(Dataset excerpts)
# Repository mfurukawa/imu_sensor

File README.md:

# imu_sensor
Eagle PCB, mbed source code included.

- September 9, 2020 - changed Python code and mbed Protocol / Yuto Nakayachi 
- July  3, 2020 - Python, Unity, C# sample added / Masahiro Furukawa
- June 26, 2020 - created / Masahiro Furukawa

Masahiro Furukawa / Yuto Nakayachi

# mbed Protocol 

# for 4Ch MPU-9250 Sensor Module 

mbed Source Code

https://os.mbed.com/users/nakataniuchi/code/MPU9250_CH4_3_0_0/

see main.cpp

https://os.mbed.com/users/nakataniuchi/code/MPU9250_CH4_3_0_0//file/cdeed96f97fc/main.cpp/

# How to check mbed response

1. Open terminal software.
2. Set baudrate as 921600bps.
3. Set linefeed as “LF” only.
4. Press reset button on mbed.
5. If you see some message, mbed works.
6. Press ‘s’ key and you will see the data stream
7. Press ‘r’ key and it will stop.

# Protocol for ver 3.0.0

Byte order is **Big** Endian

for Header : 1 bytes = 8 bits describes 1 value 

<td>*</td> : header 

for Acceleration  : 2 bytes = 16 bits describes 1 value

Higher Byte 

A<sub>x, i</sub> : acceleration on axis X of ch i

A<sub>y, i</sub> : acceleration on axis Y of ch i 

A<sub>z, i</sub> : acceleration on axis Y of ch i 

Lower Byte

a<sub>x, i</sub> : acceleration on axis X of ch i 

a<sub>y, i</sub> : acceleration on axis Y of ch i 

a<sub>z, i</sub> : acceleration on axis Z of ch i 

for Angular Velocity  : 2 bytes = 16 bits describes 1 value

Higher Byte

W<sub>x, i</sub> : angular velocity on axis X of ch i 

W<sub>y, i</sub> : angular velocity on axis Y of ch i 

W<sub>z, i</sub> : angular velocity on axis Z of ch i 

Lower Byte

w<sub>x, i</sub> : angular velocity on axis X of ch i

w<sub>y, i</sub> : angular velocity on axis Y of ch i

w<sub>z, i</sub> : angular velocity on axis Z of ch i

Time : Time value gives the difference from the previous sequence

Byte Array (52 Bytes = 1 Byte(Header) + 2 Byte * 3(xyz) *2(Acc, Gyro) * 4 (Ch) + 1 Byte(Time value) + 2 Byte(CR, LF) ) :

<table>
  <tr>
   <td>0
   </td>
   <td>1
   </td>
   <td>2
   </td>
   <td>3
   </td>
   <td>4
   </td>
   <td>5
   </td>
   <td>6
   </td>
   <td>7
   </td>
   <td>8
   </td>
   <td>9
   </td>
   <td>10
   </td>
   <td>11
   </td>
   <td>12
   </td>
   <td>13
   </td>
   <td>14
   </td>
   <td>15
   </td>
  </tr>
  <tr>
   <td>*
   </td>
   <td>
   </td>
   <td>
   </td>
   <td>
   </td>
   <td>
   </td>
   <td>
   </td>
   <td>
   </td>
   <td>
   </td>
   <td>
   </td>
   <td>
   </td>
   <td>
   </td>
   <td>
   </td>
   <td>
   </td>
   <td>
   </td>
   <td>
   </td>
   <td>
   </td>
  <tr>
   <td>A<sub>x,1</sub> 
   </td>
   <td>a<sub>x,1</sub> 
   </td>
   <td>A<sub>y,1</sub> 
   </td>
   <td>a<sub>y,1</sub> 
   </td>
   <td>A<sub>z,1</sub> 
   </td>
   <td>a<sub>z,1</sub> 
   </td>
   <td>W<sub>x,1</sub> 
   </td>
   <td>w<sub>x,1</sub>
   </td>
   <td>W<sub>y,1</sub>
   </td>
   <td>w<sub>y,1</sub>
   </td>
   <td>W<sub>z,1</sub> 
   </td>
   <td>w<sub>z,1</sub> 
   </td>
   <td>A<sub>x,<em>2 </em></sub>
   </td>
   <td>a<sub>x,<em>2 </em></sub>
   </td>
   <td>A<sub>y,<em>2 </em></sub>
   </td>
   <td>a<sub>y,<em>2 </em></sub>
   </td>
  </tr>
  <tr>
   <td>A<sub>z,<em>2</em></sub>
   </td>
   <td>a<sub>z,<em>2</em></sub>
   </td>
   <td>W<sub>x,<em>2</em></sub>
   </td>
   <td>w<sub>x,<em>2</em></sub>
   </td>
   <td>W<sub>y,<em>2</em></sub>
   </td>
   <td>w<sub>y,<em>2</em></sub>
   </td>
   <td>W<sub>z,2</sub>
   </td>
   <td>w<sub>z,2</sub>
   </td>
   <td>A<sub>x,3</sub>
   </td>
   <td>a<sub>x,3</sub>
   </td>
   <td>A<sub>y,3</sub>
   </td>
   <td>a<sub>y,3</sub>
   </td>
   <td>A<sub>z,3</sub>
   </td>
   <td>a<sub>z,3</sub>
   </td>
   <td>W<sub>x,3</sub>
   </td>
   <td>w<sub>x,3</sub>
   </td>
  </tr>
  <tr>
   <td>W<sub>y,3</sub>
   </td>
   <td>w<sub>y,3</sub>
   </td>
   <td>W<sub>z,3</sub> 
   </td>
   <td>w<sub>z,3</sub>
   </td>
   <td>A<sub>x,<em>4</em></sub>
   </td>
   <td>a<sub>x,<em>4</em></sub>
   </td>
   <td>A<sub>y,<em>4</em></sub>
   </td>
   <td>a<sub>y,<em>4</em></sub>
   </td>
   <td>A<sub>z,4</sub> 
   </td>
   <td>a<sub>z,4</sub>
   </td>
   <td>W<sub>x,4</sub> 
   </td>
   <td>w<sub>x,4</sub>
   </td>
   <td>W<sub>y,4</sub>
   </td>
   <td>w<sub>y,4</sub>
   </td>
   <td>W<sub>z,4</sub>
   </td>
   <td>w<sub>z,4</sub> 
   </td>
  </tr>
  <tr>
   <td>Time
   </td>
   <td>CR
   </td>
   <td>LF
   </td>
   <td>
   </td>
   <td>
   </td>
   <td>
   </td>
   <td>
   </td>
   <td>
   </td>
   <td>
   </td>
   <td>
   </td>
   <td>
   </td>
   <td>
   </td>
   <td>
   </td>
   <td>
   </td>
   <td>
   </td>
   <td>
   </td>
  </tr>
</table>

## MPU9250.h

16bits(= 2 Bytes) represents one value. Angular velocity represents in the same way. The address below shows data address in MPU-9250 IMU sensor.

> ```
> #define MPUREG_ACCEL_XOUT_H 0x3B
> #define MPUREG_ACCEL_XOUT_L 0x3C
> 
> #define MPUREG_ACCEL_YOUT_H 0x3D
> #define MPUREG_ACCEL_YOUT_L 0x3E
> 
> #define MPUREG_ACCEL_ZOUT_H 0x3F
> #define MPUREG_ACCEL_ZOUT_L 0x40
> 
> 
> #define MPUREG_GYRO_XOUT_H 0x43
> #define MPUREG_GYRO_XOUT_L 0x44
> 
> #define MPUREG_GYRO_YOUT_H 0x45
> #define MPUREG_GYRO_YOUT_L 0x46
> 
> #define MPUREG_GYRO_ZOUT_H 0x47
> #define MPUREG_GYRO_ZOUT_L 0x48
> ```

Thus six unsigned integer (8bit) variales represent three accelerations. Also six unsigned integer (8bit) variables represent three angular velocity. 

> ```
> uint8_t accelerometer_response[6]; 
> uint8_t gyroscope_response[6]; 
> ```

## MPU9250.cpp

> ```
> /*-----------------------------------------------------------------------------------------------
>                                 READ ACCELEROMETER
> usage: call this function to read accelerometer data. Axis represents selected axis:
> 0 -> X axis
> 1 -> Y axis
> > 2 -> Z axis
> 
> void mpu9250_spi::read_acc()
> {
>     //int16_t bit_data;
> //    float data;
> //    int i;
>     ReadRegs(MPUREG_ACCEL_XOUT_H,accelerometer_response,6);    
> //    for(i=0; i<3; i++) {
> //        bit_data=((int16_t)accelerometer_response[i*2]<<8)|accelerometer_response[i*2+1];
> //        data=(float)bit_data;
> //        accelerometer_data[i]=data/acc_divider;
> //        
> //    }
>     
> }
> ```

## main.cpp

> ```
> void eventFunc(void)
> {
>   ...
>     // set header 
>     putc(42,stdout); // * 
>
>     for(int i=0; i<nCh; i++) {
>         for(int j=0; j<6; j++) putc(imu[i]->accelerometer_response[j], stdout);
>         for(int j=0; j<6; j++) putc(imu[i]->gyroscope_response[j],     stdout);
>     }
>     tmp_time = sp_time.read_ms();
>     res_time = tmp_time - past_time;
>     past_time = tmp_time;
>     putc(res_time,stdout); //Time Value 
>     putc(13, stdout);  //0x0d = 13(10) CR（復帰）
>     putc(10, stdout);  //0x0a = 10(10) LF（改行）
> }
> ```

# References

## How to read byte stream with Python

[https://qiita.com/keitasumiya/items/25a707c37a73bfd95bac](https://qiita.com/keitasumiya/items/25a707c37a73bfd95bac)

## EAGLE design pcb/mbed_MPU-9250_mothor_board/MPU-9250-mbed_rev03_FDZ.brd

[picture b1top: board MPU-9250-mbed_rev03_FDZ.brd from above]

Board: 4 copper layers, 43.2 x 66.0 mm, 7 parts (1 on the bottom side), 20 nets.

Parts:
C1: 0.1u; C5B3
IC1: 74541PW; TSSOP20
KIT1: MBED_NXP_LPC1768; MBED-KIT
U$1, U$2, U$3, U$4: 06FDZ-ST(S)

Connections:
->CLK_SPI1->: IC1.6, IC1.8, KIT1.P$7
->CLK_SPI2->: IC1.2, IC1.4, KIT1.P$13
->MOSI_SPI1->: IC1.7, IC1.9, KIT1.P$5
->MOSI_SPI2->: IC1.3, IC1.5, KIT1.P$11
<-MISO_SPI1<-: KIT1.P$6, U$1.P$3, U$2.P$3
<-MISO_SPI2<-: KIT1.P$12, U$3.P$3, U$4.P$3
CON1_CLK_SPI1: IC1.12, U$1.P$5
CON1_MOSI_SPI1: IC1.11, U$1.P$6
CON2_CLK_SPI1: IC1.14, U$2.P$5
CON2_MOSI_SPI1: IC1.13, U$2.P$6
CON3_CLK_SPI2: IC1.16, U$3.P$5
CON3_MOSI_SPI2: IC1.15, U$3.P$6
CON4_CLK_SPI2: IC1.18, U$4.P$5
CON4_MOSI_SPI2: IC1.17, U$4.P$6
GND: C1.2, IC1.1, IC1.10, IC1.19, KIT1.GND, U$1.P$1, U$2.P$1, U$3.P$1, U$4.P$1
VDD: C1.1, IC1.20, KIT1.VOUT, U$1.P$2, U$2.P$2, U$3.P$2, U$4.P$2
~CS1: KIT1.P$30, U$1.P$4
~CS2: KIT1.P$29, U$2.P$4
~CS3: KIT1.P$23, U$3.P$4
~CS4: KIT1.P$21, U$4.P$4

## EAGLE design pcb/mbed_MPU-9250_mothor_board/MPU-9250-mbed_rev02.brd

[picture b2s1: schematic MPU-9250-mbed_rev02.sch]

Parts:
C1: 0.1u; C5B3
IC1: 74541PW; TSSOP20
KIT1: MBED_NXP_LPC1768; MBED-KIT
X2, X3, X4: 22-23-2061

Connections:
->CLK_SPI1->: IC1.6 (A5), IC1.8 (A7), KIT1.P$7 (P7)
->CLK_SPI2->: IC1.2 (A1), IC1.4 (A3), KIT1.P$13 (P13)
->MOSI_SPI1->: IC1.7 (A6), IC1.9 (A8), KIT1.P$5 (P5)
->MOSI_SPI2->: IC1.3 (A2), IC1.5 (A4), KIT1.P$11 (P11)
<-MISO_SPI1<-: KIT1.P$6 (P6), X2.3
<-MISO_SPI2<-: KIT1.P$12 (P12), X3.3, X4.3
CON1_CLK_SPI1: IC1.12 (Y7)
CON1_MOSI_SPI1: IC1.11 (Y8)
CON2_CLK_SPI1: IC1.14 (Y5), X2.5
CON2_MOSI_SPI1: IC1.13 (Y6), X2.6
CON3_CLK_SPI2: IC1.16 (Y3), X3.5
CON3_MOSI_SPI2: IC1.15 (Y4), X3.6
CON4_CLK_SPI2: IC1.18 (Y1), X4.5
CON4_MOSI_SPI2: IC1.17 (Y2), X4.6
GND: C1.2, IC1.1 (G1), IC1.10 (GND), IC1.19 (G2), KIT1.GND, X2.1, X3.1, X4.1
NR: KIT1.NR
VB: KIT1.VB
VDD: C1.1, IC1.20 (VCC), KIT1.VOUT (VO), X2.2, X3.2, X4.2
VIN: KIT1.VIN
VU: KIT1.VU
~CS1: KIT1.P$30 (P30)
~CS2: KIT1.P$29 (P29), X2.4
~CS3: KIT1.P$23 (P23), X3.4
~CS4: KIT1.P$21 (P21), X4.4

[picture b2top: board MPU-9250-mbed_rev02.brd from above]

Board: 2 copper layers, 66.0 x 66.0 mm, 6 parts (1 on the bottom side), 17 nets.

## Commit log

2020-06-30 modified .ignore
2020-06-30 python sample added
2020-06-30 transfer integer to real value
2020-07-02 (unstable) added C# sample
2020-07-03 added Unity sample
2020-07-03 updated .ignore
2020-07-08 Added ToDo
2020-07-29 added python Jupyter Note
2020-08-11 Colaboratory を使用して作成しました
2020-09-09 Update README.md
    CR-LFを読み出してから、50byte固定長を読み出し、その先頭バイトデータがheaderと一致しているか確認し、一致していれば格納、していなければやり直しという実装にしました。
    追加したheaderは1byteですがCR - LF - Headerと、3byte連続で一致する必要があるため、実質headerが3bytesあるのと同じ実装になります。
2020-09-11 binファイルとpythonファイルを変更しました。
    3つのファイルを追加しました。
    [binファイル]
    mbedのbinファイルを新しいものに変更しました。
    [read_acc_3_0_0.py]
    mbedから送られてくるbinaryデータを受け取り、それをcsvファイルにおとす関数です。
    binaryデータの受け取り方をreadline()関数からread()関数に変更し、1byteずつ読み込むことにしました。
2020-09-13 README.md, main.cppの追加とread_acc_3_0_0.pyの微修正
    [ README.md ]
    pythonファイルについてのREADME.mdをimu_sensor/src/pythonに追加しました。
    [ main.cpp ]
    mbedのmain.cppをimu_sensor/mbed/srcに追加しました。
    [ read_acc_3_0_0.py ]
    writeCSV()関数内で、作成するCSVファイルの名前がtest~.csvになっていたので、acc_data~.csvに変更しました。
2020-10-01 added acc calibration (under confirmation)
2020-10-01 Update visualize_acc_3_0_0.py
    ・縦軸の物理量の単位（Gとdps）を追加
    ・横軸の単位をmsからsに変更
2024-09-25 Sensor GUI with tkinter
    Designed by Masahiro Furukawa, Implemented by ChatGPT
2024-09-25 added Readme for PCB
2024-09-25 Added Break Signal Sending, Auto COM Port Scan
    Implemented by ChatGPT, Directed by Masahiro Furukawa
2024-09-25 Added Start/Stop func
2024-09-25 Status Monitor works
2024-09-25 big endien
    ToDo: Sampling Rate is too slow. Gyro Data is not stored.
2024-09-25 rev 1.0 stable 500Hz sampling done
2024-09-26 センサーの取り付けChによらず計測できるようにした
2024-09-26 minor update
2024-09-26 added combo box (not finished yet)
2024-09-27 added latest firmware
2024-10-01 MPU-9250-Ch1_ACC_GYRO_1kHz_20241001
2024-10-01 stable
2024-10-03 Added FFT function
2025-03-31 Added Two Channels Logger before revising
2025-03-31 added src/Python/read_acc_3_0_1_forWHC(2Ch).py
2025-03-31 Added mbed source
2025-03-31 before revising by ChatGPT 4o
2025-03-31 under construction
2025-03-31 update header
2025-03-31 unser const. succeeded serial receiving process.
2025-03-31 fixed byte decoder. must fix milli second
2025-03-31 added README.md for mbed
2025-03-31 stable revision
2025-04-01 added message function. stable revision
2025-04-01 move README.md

Problem details: Only the lines from the top of the data through the line that contains "Masahiro Furukawa / Yuto Nakayachi" should be quoted, exactly as they stand.

Reply to the exercise:
# Repository mfurukawa/imu_sensor

File README.md:

# imu_sensor
Eagle PCB, mbed source code included.

- September 9, 2020 - changed Python code and mbed Protocol / Yuto Nakayachi 
- July  3, 2020 - Python, Unity, C# sample added / Masahiro Furukawa
- June 26, 2020 - created / Masahiro Furukawa

Masahiro Furukawa / Yuto Nakayachi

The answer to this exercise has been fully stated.